*EXERCISE GOAL:*
Every line below between the one holding "#208=EDGE_CURVE('E118',#207,#199,#205,.T.);" and the one holding "#214=EDGE_CURVE('E107',#175,#207,#213,.T.);", inclusive, should be copied exactly, and no other line.

*SOURCE DATA:*
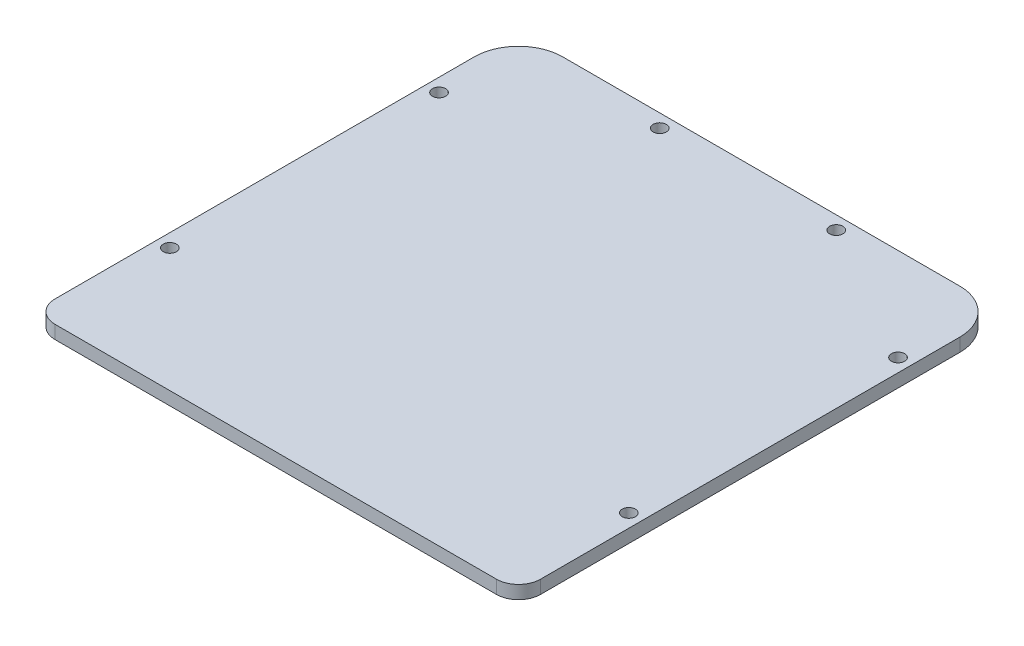
ISO-10303-21;
HEADER;
FILE_DESCRIPTION(('STEP AP214'),'2;1');
FILE_NAME('part.step','',(''),(''),'','','');
FILE_SCHEMA(('AUTOMOTIVE_DESIGN { 1 0 10303 214 1 1 1 1 }'));
ENDSEC;
DATA;
#1=APPLICATION_CONTEXT('core data for automotive mechanical design processes');
#2=APPLICATION_PROTOCOL_DEFINITION('international standard','automotive_design',2000,#1);
#3=PRODUCT_CONTEXT('',#1,'mechanical');
#4=PRODUCT('Part','Part','',(#3));
#5=PRODUCT_RELATED_PRODUCT_CATEGORY('part','',(#4));
#6=PRODUCT_DEFINITION_FORMATION('','',#4);
#7=PRODUCT_DEFINITION_CONTEXT('part definition',#1,'design');
#8=PRODUCT_DEFINITION('design','',#6,#7);
#9=PRODUCT_DEFINITION_SHAPE('','',#8);
#10=(LENGTH_UNIT() NAMED_UNIT(*) SI_UNIT(.MILLI.,.METRE.));
#11=(NAMED_UNIT(*) PLANE_ANGLE_UNIT() SI_UNIT($,.RADIAN.));
#12=(NAMED_UNIT(*) SI_UNIT($,.STERADIAN.) SOLID_ANGLE_UNIT());
#13=UNCERTAINTY_MEASURE_WITH_UNIT(LENGTH_MEASURE(1.E-05),#10,'distance_accuracy_value','');
#14=(GEOMETRIC_REPRESENTATION_CONTEXT(3) GLOBAL_UNCERTAINTY_ASSIGNED_CONTEXT((#13)) GLOBAL_UNIT_ASSIGNED_CONTEXT((#10,
#11,#12)) REPRESENTATION_CONTEXT('',''));
#15=CARTESIAN_POINT('',(0.,0.,0.));
#16=DIRECTION('',(0.,0.,1.));
#17=DIRECTION('',(1.,0.,0.));
#18=AXIS2_PLACEMENT_3D('',#15,#16,#17);
#19=CARTESIAN_POINT('',(45.3648924175193,-217.61956551421,-188.830274816639));
#20=DIRECTION('',(0.,-1.,0.));
#21=DIRECTION('',(0.,0.,-1.));
#22=AXIS2_PLACEMENT_3D('',#19,#20,#21);
#23=CYLINDRICAL_SURFACE('',#22,5.);
#24=CARTESIAN_POINT('',(45.3648924175193,-220.61956551421,-188.830274816639));
#25=DIRECTION('',(0.,1.,0.));
#26=DIRECTION('',(0.,0.,1.));
#27=AXIS2_PLACEMENT_3D('',#24,#25,#26);
#28=CIRCLE('',#27,5.);
#29=CARTESIAN_POINT('',(45.3648924175193,-220.61956551421,-183.830274816639));
#30=VERTEX_POINT('',#29);
#31=CARTESIAN_POINT('',(50.3648924175193,-220.61956551421,-188.830274816639));
#32=VERTEX_POINT('',#31);
#33=EDGE_CURVE('E131',#30,#32,#28,.T.);
#34=ORIENTED_EDGE('',*,*,#33,.T.);
#35=DIRECTION('',(0.,-1.,0.));
#36=VECTOR('',#35,1.);
#37=CARTESIAN_POINT('',(50.3648924175193,-217.61956551421,-188.830274816639));
#38=LINE('',#37,#36);
#39=CARTESIAN_POINT('',(50.3648924175193,-217.61956551421,-188.830274816639));
#40=VERTEX_POINT('',#39);
#41=EDGE_CURVE('E11',#40,#32,#38,.T.);
#42=ORIENTED_EDGE('',*,*,#41,.F.);
#43=CARTESIAN_POINT('',(45.3648924175193,-217.61956551421,-188.830274816639));
#44=DIRECTION('',(0.,1.,0.));
#45=DIRECTION('',(0.,0.,1.));
#46=AXIS2_PLACEMENT_3D('',#43,#44,#45);
#47=CIRCLE('',#46,5.);
#48=CARTESIAN_POINT('',(45.3648924175193,-217.61956551421,-183.830274816639));
#49=VERTEX_POINT('',#48);
#50=EDGE_CURVE('E146',#49,#40,#47,.T.);
#51=ORIENTED_EDGE('',*,*,#50,.F.);
#52=DIRECTION('',(0.,-1.,0.));
#53=VECTOR('',#52,1.);
#54=CARTESIAN_POINT('',(45.3648924175193,-217.61956551421,-183.830274816639));
#55=LINE('',#54,#53);
#56=EDGE_CURVE('E127',#49,#30,#55,.T.);
#57=ORIENTED_EDGE('',*,*,#56,.T.);
#58=EDGE_LOOP('',(#34,#42,#51,#57));
#59=FACE_BOUND('',#58,.T.);
#60=ADVANCED_FACE('F35',(#59),#23,.T.);
#61=CARTESIAN_POINT('',(50.3648924175193,-217.61956551421,-283.830274816639));
#62=DIRECTION('',(-1.,0.,0.));
#63=DIRECTION('',(0.,0.,1.));
#64=AXIS2_PLACEMENT_3D('',#61,#62,#63);
#65=PLANE('',#64);
#66=DIRECTION('',(0.,0.,-1.));
#67=VECTOR('',#66,1.);
#68=CARTESIAN_POINT('',(50.3648924175193,-220.61956551421,-283.830274816639));
#69=LINE('',#68,#67);
#70=CARTESIAN_POINT('',(50.3648924175193,-220.61956551421,-283.830274816639));
#71=VERTEX_POINT('',#70);
#72=EDGE_CURVE('E134',#32,#71,#69,.T.);
#73=ORIENTED_EDGE('',*,*,#72,.T.);
#74=DIRECTION('',(0.,-1.,0.));
#75=VECTOR('',#74,1.);
#76=CARTESIAN_POINT('',(50.3648924175193,-217.61956551421,-283.830274816639));
#77=LINE('',#76,#75);
#78=CARTESIAN_POINT('',(50.3648924175193,-217.61956551421,-283.830274816639));
#79=VERTEX_POINT('',#78);
#80=EDGE_CURVE('E43',#79,#71,#77,.T.);
#81=ORIENTED_EDGE('',*,*,#80,.F.);
#82=DIRECTION('',(0.,0.,-1.));
#83=VECTOR('',#82,1.);
#84=CARTESIAN_POINT('',(50.3648924175193,-217.61956551421,-283.830274816639));
#85=LINE('',#84,#83);
#86=EDGE_CURVE('E94',#40,#79,#85,.T.);
#87=ORIENTED_EDGE('',*,*,#86,.F.);
#88=ORIENTED_EDGE('',*,*,#41,.T.);
#89=EDGE_LOOP('',(#73,#81,#87,#88));
#90=FACE_BOUND('',#89,.T.);
#91=ADVANCED_FACE('F243',(#90),#65,.F.);
#92=CARTESIAN_POINT('',(40.3648924175193,-217.61956551421,-283.830274816639));
#93=DIRECTION('',(0.,-1.,0.));
#94=DIRECTION('',(0.,0.,-1.));
#95=AXIS2_PLACEMENT_3D('',#92,#93,#94);
#96=CYLINDRICAL_SURFACE('',#95,10.);
#97=CARTESIAN_POINT('',(40.3648924175193,-220.61956551421,-283.830274816639));
#98=DIRECTION('',(0.,1.,0.));
#99=DIRECTION('',(0.,0.,-1.));
#100=AXIS2_PLACEMENT_3D('',#97,#98,#99);
#101=CIRCLE('',#100,10.);
#102=CARTESIAN_POINT('',(40.3648924175193,-220.61956551421,-293.830274816639));
#103=VERTEX_POINT('',#102);
#104=EDGE_CURVE('E137',#71,#103,#101,.T.);
#105=ORIENTED_EDGE('',*,*,#104,.T.);
#106=DIRECTION('',(0.,-1.,0.));
#107=VECTOR('',#106,1.);
#108=CARTESIAN_POINT('',(40.3648924175193,-217.61956551421,-293.830274816639));
#109=LINE('',#108,#107);
#110=CARTESIAN_POINT('',(40.3648924175193,-217.61956551421,-293.830274816639));
#111=VERTEX_POINT('',#110);
#112=EDGE_CURVE('E153',#111,#103,#109,.T.);
#113=ORIENTED_EDGE('',*,*,#112,.F.);
#114=CARTESIAN_POINT('',(40.3648924175193,-217.61956551421,-283.830274816639));
#115=DIRECTION('',(0.,1.,0.));
#116=DIRECTION('',(0.,0.,-1.));
#117=AXIS2_PLACEMENT_3D('',#114,#115,#116);
#118=CIRCLE('',#117,10.);
#119=EDGE_CURVE('E161',#79,#111,#118,.T.);
#120=ORIENTED_EDGE('',*,*,#119,.F.);
#121=ORIENTED_EDGE('',*,*,#80,.T.);
#122=EDGE_LOOP('',(#105,#113,#120,#121));
#123=FACE_BOUND('',#122,.T.);
#124=ADVANCED_FACE('F159',(#123),#96,.T.);
#125=CARTESIAN_POINT('',(-49.6351075824806,-217.61956551421,-293.830274816639));
#126=DIRECTION('',(0.,0.,1.));
#127=DIRECTION('',(1.,0.,0.));
#128=AXIS2_PLACEMENT_3D('',#125,#126,#127);
#129=PLANE('',#128);
#130=DIRECTION('',(-1.,0.,0.));
#131=VECTOR('',#130,1.);
#132=CARTESIAN_POINT('',(-49.6351075824806,-220.61956551421,-293.830274816639));
#133=LINE('',#132,#131);
#134=CARTESIAN_POINT('',(-49.6351075824806,-220.61956551421,-293.830274816639));
#135=VERTEX_POINT('',#134);
#136=EDGE_CURVE('E139',#103,#135,#133,.T.);
#137=ORIENTED_EDGE('',*,*,#136,.T.);
#138=DIRECTION('',(0.,-1.,0.));
#139=VECTOR('',#138,1.);
#140=CARTESIAN_POINT('',(-49.6351075824806,-217.61956551421,-293.830274816639));
#141=LINE('',#140,#139);
#142=CARTESIAN_POINT('',(-49.6351075824806,-217.61956551421,-293.830274816639));
#143=VERTEX_POINT('',#142);
#144=EDGE_CURVE('E150',#143,#135,#141,.T.);
#145=ORIENTED_EDGE('',*,*,#144,.F.);
#146=DIRECTION('',(-1.,0.,0.));
#147=VECTOR('',#146,1.);
#148=CARTESIAN_POINT('',(-49.6351075824806,-217.61956551421,-293.830274816639));
#149=LINE('',#148,#147);
#150=EDGE_CURVE('E173',#111,#143,#149,.T.);
#151=ORIENTED_EDGE('',*,*,#150,.F.);
#152=ORIENTED_EDGE('',*,*,#112,.T.);
#153=EDGE_LOOP('',(#137,#145,#151,#152));
#154=FACE_BOUND('',#153,.T.);
#155=ADVANCED_FACE('F169',(#154),#129,.F.);
#156=CARTESIAN_POINT('',(-49.6351075824807,-217.61956551421,-283.830274816639));
#157=DIRECTION('',(0.,-1.,0.));
#158=DIRECTION('',(0.,0.,-1.));
#159=AXIS2_PLACEMENT_3D('',#156,#157,#158);
#160=CYLINDRICAL_SURFACE('',#159,10.);
#161=CARTESIAN_POINT('',(-49.6351075824807,-220.61956551421,-283.830274816639));
#162=DIRECTION('',(0.,1.,0.));
#163=DIRECTION('',(0.,0.,1.));
#164=AXIS2_PLACEMENT_3D('',#161,#162,#163);
#165=CIRCLE('',#164,10.);
#166=CARTESIAN_POINT('',(-59.6351075824807,-220.61956551421,-283.830274816639));
#167=VERTEX_POINT('',#166);
#168=EDGE_CURVE('E141',#135,#167,#165,.T.);
#169=ORIENTED_EDGE('',*,*,#168,.T.);
#170=DIRECTION('',(0.,-1.,0.));
#171=VECTOR('',#170,1.);
#172=CARTESIAN_POINT('',(-59.6351075824807,-217.61956551421,-283.830274816639));
#173=LINE('',#172,#171);
#174=CARTESIAN_POINT('',(-59.6351075824807,-217.61956551421,-283.830274816639));
#175=VERTEX_POINT('',#174);
#176=EDGE_CURVE('E122',#175,#167,#173,.T.);
#177=ORIENTED_EDGE('',*,*,#176,.F.);
#178=CARTESIAN_POINT('',(-49.6351075824807,-217.61956551421,-283.830274816639));
#179=DIRECTION('',(0.,1.,0.));
#180=DIRECTION('',(0.,0.,1.));
#181=AXIS2_PLACEMENT_3D('',#178,#179,#180);
#182=CIRCLE('',#181,10.);
#183=EDGE_CURVE('E113',#143,#175,#182,.T.);
#184=ORIENTED_EDGE('',*,*,#183,.F.);
#185=ORIENTED_EDGE('',*,*,#144,.T.);
#186=EDGE_LOOP('',(#169,#177,#184,#185));
#187=FACE_BOUND('',#186,.T.);
#188=ADVANCED_FACE('F172',(#187),#160,.T.);
#189=CARTESIAN_POINT('',(-59.6351075824807,-217.61956551421,-283.830274816639));
#190=DIRECTION('',(1.,0.,0.));
#191=DIRECTION('',(0.,0.,-1.));
#192=AXIS2_PLACEMENT_3D('',#189,#190,#191);
#193=PLANE('',#192);
#194=DIRECTION('',(0.,0.,1.));
#195=VECTOR('',#194,1.);
#196=CARTESIAN_POINT('',(-59.6351075824807,-220.61956551421,-283.830274816639));
#197=LINE('',#196,#195);
#198=CARTESIAN_POINT('',(-59.6351075824807,-220.61956551421,-188.830274816639));
#199=VERTEX_POINT('',#198);
#200=EDGE_CURVE('E121',#167,#199,#197,.T.);
#201=ORIENTED_EDGE('',*,*,#200,.T.);
#202=DIRECTION('',(0.,-1.,0.));
#203=VECTOR('',#202,1.);
#204=CARTESIAN_POINT('',(-59.6351075824807,-217.61956551421,-188.830274816639));
#205=LINE('',#204,#203);
#206=CARTESIAN_POINT('',(-59.6351075824807,-217.61956551421,-188.830274816639));
#207=VERTEX_POINT('',#206);
#208=EDGE_CURVE('E118',#207,#199,#205,.T.);
#209=ORIENTED_EDGE('',*,*,#208,.F.);
#210=DIRECTION('',(0.,0.,1.));
#211=VECTOR('',#210,1.);
#212=CARTESIAN_POINT('',(-59.6351075824807,-217.61956551421,-283.830274816639));
#213=LINE('',#212,#211);
#214=EDGE_CURVE('E107',#175,#207,#213,.T.);
#215=ORIENTED_EDGE('',*,*,#214,.F.);
#216=ORIENTED_EDGE('',*,*,#176,.T.);
#217=EDGE_LOOP('',(#201,#209,#215,#216));
#218=FACE_BOUND('',#217,.T.);
#219=ADVANCED_FACE('F119',(#218),#193,.F.);
#220=CARTESIAN_POINT('',(-54.6351075824807,-217.61956551421,-188.830274816639));
#221=DIRECTION('',(0.,-1.,0.));
#222=DIRECTION('',(0.,0.,-1.));
#223=AXIS2_PLACEMENT_3D('',#220,#221,#222);
#224=CYLINDRICAL_SURFACE('',#223,5.);
#225=CARTESIAN_POINT('',(-54.6351075824807,-220.61956551421,-188.830274816639));
#226=DIRECTION('',(0.,1.,0.));
#227=DIRECTION('',(0.,0.,1.));
#228=AXIS2_PLACEMENT_3D('',#225,#226,#227);
#229=CIRCLE('',#228,5.);
#230=CARTESIAN_POINT('',(-54.6351075824806,-220.61956551421,-183.830274816639));
#231=VERTEX_POINT('',#230);
#232=EDGE_CURVE('E80',#199,#231,#229,.T.);
#233=ORIENTED_EDGE('',*,*,#232,.T.);
#234=DIRECTION('',(0.,-1.,0.));
#235=VECTOR('',#234,1.);
#236=CARTESIAN_POINT('',(-54.6351075824806,-217.61956551421,-183.830274816639));
#237=LINE('',#236,#235);
#238=CARTESIAN_POINT('',(-54.6351075824806,-217.61956551421,-183.830274816639));
#239=VERTEX_POINT('',#238);
#240=EDGE_CURVE('E123',#239,#231,#237,.T.);
#241=ORIENTED_EDGE('',*,*,#240,.F.);
#242=CARTESIAN_POINT('',(-54.6351075824807,-217.61956551421,-188.830274816639));
#243=DIRECTION('',(0.,1.,0.));
#244=DIRECTION('',(0.,0.,1.));
#245=AXIS2_PLACEMENT_3D('',#242,#243,#244);
#246=CIRCLE('',#245,5.);
#247=EDGE_CURVE('E111',#207,#239,#246,.T.);
#248=ORIENTED_EDGE('',*,*,#247,.F.);
#249=ORIENTED_EDGE('',*,*,#208,.T.);
#250=EDGE_LOOP('',(#233,#241,#248,#249));
#251=FACE_BOUND('',#250,.T.);
#252=ADVANCED_FACE('F125',(#251),#224,.T.);
#253=CARTESIAN_POINT('',(-54.6351075824806,-217.61956551421,-183.830274816639));
#254=DIRECTION('',(0.,0.,-1.));
#255=DIRECTION('',(-1.,0.,0.));
#256=AXIS2_PLACEMENT_3D('',#253,#254,#255);
#257=PLANE('',#256);
#258=DIRECTION('',(1.,0.,0.));
#259=VECTOR('',#258,1.);
#260=CARTESIAN_POINT('',(-54.6351075824806,-220.61956551421,-183.830274816639));
#261=LINE('',#260,#259);
#262=EDGE_CURVE('E86',#231,#30,#261,.T.);
#263=ORIENTED_EDGE('',*,*,#262,.T.);
#264=ORIENTED_EDGE('',*,*,#56,.F.);
#265=DIRECTION('',(1.,0.,0.));
#266=VECTOR('',#265,1.);
#267=CARTESIAN_POINT('',(-54.6351075824806,-217.61956551421,-183.830274816639));
#268=LINE('',#267,#266);
#269=EDGE_CURVE('E51',#239,#49,#268,.T.);
#270=ORIENTED_EDGE('',*,*,#269,.F.);
#271=ORIENTED_EDGE('',*,*,#240,.T.);
#272=EDGE_LOOP('',(#263,#264,#270,#271));
#273=FACE_BOUND('',#272,.T.);
#274=ADVANCED_FACE('F227',(#273),#257,.F.);
#275=CARTESIAN_POINT('',(45.3648924175193,-217.61956551421,-188.830274816639));
#276=DIRECTION('',(0.,1.,0.));
#277=DIRECTION('',(0.,0.,1.));
#278=AXIS2_PLACEMENT_3D('',#275,#276,#277);
#279=PLANE('',#278);
#280=CARTESIAN_POINT('',(15.3648924175192,-217.61956551421,-290.833255232378));
#281=DIRECTION('',(0.,1.,0.));
#282=DIRECTION('',(0.,0.,1.));
#283=AXIS2_PLACEMENT_3D('',#280,#281,#282);
#284=CIRCLE('',#283,1.5);
#285=CARTESIAN_POINT('',(15.3648924175192,-217.61956551421,-289.333255232378));
#286=VERTEX_POINT('',#285);
#287=EDGE_CURVE('E204',#286,#286,#284,.T.);
#288=ORIENTED_EDGE('',*,*,#287,.F.);
#289=EDGE_LOOP('',(#288));
#290=FACE_BOUND('',#289,.T.);
#291=CARTESIAN_POINT('',(47.3648924175181,-217.61956551421,-272.830274816639));
#292=DIRECTION('',(0.,1.,0.));
#293=DIRECTION('',(0.,0.,1.));
#294=AXIS2_PLACEMENT_3D('',#291,#292,#293);
#295=CIRCLE('',#294,1.49999999999998);
#296=CARTESIAN_POINT('',(47.3648924175181,-217.61956551421,-271.330274816639));
#297=VERTEX_POINT('',#296);
#298=EDGE_CURVE('E198',#297,#297,#295,.T.);
#299=ORIENTED_EDGE('',*,*,#298,.F.);
#300=EDGE_LOOP('',(#299));
#301=FACE_BOUND('',#300,.T.);
#302=CARTESIAN_POINT('',(47.3648924175193,-217.61956551421,-211.830274816639));
#303=DIRECTION('',(0.,1.,0.));
#304=DIRECTION('',(0.,0.,1.));
#305=AXIS2_PLACEMENT_3D('',#302,#303,#304);
#306=CIRCLE('',#305,1.5);
#307=CARTESIAN_POINT('',(47.3648924175193,-217.61956551421,-210.330274816639));
#308=VERTEX_POINT('',#307);
#309=EDGE_CURVE('E192',#308,#308,#306,.T.);
#310=ORIENTED_EDGE('',*,*,#309,.F.);
#311=EDGE_LOOP('',(#310));
#312=FACE_BOUND('',#311,.T.);
#313=CARTESIAN_POINT('',(-56.6351075824807,-217.61956551421,-211.830274816639));
#314=DIRECTION('',(0.,1.,0.));
#315=DIRECTION('',(0.,0.,1.));
#316=AXIS2_PLACEMENT_3D('',#313,#314,#315);
#317=CIRCLE('',#316,1.5);
#318=CARTESIAN_POINT('',(-56.6351075824807,-217.61956551421,-210.330274816639));
#319=VERTEX_POINT('',#318);
#320=EDGE_CURVE('E185',#319,#319,#317,.T.);
#321=ORIENTED_EDGE('',*,*,#320,.F.);
#322=EDGE_LOOP('',(#321));
#323=FACE_BOUND('',#322,.T.);
#324=CARTESIAN_POINT('',(-56.6351075824807,-217.61956551421,-272.830274816639));
#325=DIRECTION('',(0.,1.,0.));
#326=DIRECTION('',(0.,0.,1.));
#327=AXIS2_PLACEMENT_3D('',#324,#325,#326);
#328=CIRCLE('',#327,1.50000000000001);
#329=CARTESIAN_POINT('',(-56.6351075824807,-217.61956551421,-271.330274816639));
#330=VERTEX_POINT('',#329);
#331=EDGE_CURVE('E209',#330,#330,#328,.T.);
#332=ORIENTED_EDGE('',*,*,#331,.F.);
#333=EDGE_LOOP('',(#332));
#334=FACE_BOUND('',#333,.T.);
#335=CARTESIAN_POINT('',(-24.6351075824807,-217.61956551421,-290.833255232378));
#336=DIRECTION('',(0.,1.,0.));
#337=DIRECTION('',(0.,0.,1.));
#338=AXIS2_PLACEMENT_3D('',#335,#336,#337);
#339=CIRCLE('',#338,1.49999999999997);
#340=CARTESIAN_POINT('',(-24.6351075824807,-217.61956551421,-289.333255232378));
#341=VERTEX_POINT('',#340);
#342=EDGE_CURVE('E179',#341,#341,#339,.T.);
#343=ORIENTED_EDGE('',*,*,#342,.F.);
#344=EDGE_LOOP('',(#343));
#345=FACE_BOUND('',#344,.T.);
#346=ORIENTED_EDGE('',*,*,#50,.T.);
#347=ORIENTED_EDGE('',*,*,#86,.T.);
#348=ORIENTED_EDGE('',*,*,#119,.T.);
#349=ORIENTED_EDGE('',*,*,#150,.T.);
#350=ORIENTED_EDGE('',*,*,#183,.T.);
#351=ORIENTED_EDGE('',*,*,#214,.T.);
#352=ORIENTED_EDGE('',*,*,#247,.T.);
#353=ORIENTED_EDGE('',*,*,#269,.T.);
#354=EDGE_LOOP('',(#346,#347,#348,#349,#350,#351,#352,#353));
#355=FACE_BOUND('',#354,.T.);
#356=ADVANCED_FACE('F109',(#290,#301,#312,#323,#334,#345,#355),#279,.T.);
#357=CARTESIAN_POINT('',(45.3648924175193,-220.61956551421,-188.830274816639));
#358=DIRECTION('',(0.,1.,0.));
#359=DIRECTION('',(0.,0.,1.));
#360=AXIS2_PLACEMENT_3D('',#357,#358,#359);
#361=PLANE('',#360);
#362=CARTESIAN_POINT('',(15.3648924175192,-220.61956551421,-290.833255232378));
#363=DIRECTION('',(0.,1.,0.));
#364=DIRECTION('',(0.,0.,1.));
#365=AXIS2_PLACEMENT_3D('',#362,#363,#364);
#366=CIRCLE('',#365,1.5);
#367=CARTESIAN_POINT('',(15.3648924175192,-220.61956551421,-289.333255232378));
#368=VERTEX_POINT('',#367);
#369=EDGE_CURVE('E182',#368,#368,#366,.T.);
#370=ORIENTED_EDGE('',*,*,#369,.T.);
#371=EDGE_LOOP('',(#370));
#372=FACE_BOUND('',#371,.T.);
#373=CARTESIAN_POINT('',(47.3648924175181,-220.61956551421,-272.830274816639));
#374=DIRECTION('',(0.,1.,0.));
#375=DIRECTION('',(0.,0.,1.));
#376=AXIS2_PLACEMENT_3D('',#373,#374,#375);
#377=CIRCLE('',#376,1.49999999999998);
#378=CARTESIAN_POINT('',(47.3648924175181,-220.61956551421,-271.330274816639));
#379=VERTEX_POINT('',#378);
#380=EDGE_CURVE('E201',#379,#379,#377,.T.);
#381=ORIENTED_EDGE('',*,*,#380,.T.);
#382=EDGE_LOOP('',(#381));
#383=FACE_BOUND('',#382,.T.);
#384=CARTESIAN_POINT('',(47.3648924175193,-220.61956551421,-211.830274816639));
#385=DIRECTION('',(0.,1.,0.));
#386=DIRECTION('',(0.,0.,1.));
#387=AXIS2_PLACEMENT_3D('',#384,#385,#386);
#388=CIRCLE('',#387,1.5);
#389=CARTESIAN_POINT('',(47.3648924175193,-220.61956551421,-210.330274816639));
#390=VERTEX_POINT('',#389);
#391=EDGE_CURVE('E195',#390,#390,#388,.T.);
#392=ORIENTED_EDGE('',*,*,#391,.T.);
#393=EDGE_LOOP('',(#392));
#394=FACE_BOUND('',#393,.T.);
#395=CARTESIAN_POINT('',(-56.6351075824807,-220.61956551421,-211.830274816639));
#396=DIRECTION('',(0.,1.,0.));
#397=DIRECTION('',(0.,0.,1.));
#398=AXIS2_PLACEMENT_3D('',#395,#396,#397);
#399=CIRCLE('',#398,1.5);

*SOLUTION:*
#208=EDGE_CURVE('E118',#207,#199,#205,.T.);
#209=ORIENTED_EDGE('',*,*,#208,.F.);
#210=DIRECTION('',(0.,0.,1.));
#211=VECTOR('',#210,1.);
#212=CARTESIAN_POINT('',(-59.6351075824807,-217.61956551421,-283.830274816639));
#213=LINE('',#212,#211);
#214=EDGE_CURVE('E107',#175,#207,#213,.T.);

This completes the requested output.